[Instructions for the task] When you reach the line containing "c_jointstop = 0.3" in the entries below, start writing out each line exactly, and stop after the line containing "CtrlPar_LL = l_clr".
== Data for the task ==
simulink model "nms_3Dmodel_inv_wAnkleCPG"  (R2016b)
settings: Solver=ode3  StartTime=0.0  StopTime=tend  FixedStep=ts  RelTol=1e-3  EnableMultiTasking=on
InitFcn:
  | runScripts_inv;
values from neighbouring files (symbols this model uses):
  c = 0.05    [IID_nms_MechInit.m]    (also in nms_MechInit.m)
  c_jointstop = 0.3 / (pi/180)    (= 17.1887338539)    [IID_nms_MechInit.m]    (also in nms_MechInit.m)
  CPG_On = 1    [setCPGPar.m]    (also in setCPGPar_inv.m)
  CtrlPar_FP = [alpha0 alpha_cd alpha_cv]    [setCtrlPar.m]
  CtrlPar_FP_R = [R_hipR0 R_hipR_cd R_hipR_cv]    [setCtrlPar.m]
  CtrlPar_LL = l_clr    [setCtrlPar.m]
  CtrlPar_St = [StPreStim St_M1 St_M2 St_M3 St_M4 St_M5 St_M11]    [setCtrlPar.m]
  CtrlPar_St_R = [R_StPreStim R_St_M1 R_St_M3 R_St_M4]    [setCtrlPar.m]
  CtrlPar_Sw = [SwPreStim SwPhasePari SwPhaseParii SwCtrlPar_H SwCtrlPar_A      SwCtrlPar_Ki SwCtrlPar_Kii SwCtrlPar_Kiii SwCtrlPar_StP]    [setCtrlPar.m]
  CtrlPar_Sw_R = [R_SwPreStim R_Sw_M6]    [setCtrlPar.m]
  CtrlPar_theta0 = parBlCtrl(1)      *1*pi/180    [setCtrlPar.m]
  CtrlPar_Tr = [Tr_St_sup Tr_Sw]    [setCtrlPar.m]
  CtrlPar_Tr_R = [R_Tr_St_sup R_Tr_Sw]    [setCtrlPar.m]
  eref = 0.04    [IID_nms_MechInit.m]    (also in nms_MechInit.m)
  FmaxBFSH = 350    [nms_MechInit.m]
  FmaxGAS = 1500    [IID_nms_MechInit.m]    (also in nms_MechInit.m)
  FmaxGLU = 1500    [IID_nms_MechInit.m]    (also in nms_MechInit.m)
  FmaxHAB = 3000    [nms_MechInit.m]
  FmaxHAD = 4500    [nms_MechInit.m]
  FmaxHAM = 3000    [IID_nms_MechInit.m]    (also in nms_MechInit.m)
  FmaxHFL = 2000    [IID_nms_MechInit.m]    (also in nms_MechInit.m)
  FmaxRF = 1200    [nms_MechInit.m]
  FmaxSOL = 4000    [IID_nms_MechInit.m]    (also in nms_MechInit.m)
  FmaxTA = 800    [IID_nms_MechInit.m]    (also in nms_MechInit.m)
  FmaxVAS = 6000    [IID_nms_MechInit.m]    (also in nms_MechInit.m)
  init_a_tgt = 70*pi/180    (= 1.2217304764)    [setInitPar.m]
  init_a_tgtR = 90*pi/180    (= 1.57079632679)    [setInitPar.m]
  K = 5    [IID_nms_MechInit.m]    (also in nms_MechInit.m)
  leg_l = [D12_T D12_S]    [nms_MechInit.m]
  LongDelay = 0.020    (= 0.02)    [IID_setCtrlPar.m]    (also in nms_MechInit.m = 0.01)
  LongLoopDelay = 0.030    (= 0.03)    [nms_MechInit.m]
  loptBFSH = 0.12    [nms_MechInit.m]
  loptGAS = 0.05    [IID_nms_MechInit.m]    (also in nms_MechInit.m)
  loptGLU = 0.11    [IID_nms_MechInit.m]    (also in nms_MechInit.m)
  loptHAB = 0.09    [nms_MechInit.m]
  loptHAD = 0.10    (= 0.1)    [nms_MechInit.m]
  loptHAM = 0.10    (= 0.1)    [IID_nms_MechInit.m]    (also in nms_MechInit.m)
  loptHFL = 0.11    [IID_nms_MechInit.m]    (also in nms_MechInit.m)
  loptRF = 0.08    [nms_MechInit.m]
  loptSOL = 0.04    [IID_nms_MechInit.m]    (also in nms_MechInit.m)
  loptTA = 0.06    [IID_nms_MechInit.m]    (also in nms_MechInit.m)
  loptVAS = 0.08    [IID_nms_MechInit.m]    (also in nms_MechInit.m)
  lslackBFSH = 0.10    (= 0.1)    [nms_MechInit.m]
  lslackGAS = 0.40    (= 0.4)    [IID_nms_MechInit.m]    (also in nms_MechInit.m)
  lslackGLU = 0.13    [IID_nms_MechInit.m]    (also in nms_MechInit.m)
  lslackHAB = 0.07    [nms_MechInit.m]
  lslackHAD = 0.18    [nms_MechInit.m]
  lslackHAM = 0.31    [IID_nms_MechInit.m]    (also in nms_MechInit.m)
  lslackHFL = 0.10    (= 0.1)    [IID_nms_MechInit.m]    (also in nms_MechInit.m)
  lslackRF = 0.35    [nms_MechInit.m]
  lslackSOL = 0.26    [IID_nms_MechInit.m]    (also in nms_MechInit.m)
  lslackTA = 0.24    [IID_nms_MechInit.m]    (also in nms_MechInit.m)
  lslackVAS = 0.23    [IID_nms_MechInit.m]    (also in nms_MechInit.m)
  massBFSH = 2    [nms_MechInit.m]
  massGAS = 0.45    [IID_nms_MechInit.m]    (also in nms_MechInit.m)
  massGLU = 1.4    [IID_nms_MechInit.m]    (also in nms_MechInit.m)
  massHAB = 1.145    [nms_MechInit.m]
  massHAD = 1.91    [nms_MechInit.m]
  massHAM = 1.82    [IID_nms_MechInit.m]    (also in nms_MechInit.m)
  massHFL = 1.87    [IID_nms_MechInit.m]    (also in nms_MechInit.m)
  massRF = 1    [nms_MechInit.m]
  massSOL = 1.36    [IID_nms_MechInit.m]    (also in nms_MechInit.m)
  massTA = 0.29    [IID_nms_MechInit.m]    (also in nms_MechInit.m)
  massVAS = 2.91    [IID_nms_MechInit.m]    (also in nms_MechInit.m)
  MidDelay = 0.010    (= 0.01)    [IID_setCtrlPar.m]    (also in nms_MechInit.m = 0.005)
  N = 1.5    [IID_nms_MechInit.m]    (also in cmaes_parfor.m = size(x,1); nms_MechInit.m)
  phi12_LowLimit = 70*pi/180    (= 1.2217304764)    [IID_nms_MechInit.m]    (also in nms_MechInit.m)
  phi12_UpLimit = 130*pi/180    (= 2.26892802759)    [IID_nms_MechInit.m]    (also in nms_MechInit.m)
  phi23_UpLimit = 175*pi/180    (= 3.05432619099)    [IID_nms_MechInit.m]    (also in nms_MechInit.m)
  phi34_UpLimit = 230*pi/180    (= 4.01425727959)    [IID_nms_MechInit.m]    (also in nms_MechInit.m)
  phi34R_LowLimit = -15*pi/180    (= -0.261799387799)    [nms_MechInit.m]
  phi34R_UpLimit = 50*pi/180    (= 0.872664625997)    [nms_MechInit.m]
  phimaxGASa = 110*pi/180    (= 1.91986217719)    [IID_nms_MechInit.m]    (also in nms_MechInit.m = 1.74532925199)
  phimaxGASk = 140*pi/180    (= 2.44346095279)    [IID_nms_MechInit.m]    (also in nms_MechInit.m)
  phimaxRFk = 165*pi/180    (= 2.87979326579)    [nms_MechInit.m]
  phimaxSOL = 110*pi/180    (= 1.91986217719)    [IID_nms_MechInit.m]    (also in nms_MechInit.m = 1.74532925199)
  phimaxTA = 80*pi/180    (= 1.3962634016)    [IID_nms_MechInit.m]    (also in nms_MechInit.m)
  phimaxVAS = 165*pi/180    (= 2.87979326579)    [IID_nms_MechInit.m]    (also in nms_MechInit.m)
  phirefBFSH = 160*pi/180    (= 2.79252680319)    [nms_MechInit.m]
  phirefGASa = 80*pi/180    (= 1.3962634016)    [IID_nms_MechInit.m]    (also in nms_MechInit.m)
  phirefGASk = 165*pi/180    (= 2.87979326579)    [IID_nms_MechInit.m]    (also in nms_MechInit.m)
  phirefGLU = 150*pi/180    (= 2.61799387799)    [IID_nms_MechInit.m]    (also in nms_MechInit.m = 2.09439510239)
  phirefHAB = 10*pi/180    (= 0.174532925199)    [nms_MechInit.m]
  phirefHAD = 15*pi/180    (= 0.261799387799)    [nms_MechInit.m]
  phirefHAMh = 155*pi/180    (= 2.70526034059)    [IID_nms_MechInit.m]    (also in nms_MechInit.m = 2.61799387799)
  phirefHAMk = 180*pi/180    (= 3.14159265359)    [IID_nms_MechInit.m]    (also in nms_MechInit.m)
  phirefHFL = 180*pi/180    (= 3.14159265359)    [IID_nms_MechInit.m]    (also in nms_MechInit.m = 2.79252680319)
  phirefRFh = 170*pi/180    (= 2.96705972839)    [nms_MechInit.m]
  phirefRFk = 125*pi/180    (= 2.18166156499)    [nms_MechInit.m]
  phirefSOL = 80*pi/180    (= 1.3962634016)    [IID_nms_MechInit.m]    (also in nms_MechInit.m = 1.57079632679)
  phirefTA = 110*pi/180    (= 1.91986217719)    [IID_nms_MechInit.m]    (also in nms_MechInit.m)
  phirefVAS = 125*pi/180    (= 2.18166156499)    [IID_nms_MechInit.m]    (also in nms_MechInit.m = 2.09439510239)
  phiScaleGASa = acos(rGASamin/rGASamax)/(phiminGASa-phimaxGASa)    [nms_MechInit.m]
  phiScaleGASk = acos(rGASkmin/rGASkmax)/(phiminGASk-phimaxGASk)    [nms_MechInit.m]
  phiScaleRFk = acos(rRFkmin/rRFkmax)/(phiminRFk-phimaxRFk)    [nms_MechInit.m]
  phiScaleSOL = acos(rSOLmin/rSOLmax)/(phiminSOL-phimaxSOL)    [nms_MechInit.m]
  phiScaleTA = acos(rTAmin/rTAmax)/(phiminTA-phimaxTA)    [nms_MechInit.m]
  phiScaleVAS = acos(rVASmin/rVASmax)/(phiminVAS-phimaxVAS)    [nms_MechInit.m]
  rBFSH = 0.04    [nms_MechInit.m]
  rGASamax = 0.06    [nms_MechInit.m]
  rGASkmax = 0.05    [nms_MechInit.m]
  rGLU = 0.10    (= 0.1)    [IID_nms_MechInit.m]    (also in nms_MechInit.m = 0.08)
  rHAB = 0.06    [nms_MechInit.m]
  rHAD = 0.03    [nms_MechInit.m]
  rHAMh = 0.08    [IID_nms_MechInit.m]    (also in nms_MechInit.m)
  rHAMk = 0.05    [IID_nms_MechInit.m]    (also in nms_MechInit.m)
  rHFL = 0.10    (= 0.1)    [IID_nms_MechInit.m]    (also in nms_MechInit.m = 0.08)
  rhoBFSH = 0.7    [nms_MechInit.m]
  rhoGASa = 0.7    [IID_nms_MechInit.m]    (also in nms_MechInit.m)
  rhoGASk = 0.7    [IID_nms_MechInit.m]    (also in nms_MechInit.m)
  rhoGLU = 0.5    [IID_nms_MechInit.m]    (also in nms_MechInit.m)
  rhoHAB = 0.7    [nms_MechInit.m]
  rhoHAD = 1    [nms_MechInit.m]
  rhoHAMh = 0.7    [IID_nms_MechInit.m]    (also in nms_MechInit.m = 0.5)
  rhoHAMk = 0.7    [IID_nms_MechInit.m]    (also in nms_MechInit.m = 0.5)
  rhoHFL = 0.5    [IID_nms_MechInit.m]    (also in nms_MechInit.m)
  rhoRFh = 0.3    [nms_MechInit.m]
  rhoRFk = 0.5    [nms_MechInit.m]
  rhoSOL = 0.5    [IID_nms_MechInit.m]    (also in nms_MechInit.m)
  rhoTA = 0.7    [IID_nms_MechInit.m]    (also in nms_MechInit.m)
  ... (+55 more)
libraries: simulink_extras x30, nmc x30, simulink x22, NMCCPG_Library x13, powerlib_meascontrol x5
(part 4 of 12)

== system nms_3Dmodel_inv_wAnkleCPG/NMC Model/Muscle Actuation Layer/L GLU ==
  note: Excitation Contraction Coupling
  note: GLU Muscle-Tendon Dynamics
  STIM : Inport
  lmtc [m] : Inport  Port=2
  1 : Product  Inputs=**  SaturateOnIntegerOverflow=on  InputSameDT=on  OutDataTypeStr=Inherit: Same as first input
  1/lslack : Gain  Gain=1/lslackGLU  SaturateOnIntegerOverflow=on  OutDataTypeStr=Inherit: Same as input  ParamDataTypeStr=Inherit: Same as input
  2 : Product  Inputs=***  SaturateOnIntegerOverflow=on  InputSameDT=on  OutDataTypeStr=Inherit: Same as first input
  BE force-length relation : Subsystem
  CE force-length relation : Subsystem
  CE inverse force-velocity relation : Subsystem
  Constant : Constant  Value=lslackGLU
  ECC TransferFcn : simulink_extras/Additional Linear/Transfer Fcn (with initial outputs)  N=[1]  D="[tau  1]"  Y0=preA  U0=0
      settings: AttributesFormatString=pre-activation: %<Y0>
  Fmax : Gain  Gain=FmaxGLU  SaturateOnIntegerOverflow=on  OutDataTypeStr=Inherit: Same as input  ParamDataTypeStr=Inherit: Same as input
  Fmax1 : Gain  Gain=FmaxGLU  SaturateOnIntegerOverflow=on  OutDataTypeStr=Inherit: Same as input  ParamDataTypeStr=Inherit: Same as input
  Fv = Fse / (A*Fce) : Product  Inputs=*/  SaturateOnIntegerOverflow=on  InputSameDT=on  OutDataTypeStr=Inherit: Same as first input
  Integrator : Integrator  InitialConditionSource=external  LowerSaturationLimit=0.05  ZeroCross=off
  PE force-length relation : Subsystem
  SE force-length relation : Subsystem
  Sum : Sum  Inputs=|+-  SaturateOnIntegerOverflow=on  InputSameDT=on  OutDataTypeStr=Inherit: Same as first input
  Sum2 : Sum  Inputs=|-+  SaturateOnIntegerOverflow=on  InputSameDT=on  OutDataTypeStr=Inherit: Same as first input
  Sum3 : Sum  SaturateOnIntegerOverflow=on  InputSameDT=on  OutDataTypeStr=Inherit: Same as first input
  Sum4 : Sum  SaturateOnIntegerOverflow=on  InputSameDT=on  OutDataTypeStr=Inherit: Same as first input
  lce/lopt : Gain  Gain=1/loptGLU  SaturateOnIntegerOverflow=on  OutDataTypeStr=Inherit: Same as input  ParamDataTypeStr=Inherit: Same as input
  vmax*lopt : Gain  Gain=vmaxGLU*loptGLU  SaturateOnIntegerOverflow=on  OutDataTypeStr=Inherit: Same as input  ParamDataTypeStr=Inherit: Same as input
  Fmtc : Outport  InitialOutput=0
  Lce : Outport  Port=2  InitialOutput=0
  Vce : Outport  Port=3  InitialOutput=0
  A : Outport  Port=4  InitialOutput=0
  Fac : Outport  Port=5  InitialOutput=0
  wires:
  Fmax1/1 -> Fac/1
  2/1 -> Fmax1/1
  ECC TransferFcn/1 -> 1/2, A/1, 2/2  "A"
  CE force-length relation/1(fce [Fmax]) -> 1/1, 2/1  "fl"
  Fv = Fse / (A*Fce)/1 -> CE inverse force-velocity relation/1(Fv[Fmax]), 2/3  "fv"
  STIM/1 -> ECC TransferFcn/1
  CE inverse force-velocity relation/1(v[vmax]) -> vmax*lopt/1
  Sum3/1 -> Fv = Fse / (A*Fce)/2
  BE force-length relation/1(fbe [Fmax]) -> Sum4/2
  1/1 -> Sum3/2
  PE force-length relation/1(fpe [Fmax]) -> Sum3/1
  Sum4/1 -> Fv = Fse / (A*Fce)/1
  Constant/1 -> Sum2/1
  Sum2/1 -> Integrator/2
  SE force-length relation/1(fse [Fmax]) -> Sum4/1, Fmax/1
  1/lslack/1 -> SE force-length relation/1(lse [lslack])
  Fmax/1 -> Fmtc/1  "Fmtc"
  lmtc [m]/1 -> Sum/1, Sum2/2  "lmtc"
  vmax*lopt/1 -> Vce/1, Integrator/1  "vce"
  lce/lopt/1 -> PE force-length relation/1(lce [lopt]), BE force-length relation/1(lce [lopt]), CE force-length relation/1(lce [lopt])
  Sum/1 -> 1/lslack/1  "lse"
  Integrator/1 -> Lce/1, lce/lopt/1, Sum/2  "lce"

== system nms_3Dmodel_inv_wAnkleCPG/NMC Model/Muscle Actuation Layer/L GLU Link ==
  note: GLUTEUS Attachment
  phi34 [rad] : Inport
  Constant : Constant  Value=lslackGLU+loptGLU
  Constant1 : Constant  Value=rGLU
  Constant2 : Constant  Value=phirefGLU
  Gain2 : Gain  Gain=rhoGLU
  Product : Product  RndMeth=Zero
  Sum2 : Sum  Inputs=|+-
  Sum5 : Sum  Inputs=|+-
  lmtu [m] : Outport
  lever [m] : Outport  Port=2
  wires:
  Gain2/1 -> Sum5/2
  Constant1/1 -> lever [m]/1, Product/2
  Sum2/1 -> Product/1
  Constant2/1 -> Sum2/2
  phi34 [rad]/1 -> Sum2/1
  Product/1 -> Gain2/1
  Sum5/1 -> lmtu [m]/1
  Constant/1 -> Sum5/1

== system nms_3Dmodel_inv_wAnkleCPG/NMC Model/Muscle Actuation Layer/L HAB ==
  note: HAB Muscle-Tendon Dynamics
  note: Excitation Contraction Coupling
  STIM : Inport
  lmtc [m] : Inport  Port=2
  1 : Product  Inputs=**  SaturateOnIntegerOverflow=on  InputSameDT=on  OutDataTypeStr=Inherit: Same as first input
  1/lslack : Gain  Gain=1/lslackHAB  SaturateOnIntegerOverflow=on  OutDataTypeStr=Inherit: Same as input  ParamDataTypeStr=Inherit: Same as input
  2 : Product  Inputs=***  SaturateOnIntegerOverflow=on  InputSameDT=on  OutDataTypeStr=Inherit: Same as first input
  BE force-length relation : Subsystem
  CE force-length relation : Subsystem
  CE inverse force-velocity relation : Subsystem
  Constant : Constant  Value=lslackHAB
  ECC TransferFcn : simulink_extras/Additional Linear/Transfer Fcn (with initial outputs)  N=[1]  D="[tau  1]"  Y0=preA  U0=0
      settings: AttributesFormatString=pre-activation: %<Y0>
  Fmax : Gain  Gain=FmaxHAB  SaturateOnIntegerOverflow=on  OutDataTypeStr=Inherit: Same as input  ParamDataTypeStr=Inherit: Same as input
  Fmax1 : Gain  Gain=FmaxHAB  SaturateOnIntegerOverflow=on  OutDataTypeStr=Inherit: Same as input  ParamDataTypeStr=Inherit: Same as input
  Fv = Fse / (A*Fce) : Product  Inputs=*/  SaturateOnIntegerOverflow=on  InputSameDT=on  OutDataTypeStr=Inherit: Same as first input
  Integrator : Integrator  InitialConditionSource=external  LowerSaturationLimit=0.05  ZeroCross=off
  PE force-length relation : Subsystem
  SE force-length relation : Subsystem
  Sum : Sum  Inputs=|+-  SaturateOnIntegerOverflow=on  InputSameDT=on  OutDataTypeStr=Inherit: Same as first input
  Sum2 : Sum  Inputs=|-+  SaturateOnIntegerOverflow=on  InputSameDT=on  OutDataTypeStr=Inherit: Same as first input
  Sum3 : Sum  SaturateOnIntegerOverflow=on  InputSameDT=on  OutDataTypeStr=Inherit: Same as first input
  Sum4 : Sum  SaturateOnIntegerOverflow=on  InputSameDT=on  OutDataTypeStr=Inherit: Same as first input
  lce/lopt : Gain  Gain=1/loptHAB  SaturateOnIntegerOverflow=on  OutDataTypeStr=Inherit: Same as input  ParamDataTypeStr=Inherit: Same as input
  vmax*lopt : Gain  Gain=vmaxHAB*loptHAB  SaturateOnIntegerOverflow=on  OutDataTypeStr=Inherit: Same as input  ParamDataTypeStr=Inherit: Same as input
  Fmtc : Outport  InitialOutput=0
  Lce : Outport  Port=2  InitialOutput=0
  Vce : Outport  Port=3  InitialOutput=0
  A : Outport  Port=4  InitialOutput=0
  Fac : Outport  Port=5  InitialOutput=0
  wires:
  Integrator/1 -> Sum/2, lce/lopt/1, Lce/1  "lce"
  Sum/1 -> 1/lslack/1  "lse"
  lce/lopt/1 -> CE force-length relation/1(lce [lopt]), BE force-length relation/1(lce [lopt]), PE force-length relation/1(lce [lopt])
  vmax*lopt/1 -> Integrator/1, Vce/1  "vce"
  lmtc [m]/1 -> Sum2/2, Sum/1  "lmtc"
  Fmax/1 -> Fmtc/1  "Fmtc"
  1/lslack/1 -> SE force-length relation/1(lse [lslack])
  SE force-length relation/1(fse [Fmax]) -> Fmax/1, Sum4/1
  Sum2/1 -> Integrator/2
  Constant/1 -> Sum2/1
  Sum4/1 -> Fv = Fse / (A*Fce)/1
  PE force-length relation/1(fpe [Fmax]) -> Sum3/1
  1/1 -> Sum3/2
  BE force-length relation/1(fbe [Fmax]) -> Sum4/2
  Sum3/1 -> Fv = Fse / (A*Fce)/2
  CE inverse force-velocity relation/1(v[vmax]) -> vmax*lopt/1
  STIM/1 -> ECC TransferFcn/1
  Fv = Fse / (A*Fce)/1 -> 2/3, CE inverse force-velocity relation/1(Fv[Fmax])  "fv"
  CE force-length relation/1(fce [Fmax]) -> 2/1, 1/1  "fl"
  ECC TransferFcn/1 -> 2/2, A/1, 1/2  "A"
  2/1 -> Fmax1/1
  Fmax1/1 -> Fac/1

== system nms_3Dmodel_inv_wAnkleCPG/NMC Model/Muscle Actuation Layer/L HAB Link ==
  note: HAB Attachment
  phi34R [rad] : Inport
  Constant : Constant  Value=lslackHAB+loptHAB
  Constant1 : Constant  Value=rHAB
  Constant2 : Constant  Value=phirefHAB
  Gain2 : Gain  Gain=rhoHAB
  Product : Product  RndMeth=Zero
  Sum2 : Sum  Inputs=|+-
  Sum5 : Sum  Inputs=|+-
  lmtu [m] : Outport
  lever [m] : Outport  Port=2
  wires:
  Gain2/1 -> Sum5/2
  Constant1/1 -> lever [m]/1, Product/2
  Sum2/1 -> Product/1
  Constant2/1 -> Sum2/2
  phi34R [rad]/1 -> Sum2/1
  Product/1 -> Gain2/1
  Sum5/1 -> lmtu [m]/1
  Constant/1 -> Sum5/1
===
[Answer area]
  c_jointstop = 0.3 / (pi/180)    (= 17.1887338539)    [IID_nms_MechInit.m]    (also in nms_MechInit.m)
  CPG_On = 1    [setCPGPar.m]    (also in setCPGPar_inv.m)
  CtrlPar_FP = [alpha0 alpha_cd alpha_cv]    [setCtrlPar.m]
  CtrlPar_FP_R = [R_hipR0 R_hipR_cd R_hipR_cv]    [setCtrlPar.m]
  CtrlPar_LL = l_clr    [setCtrlPar.m]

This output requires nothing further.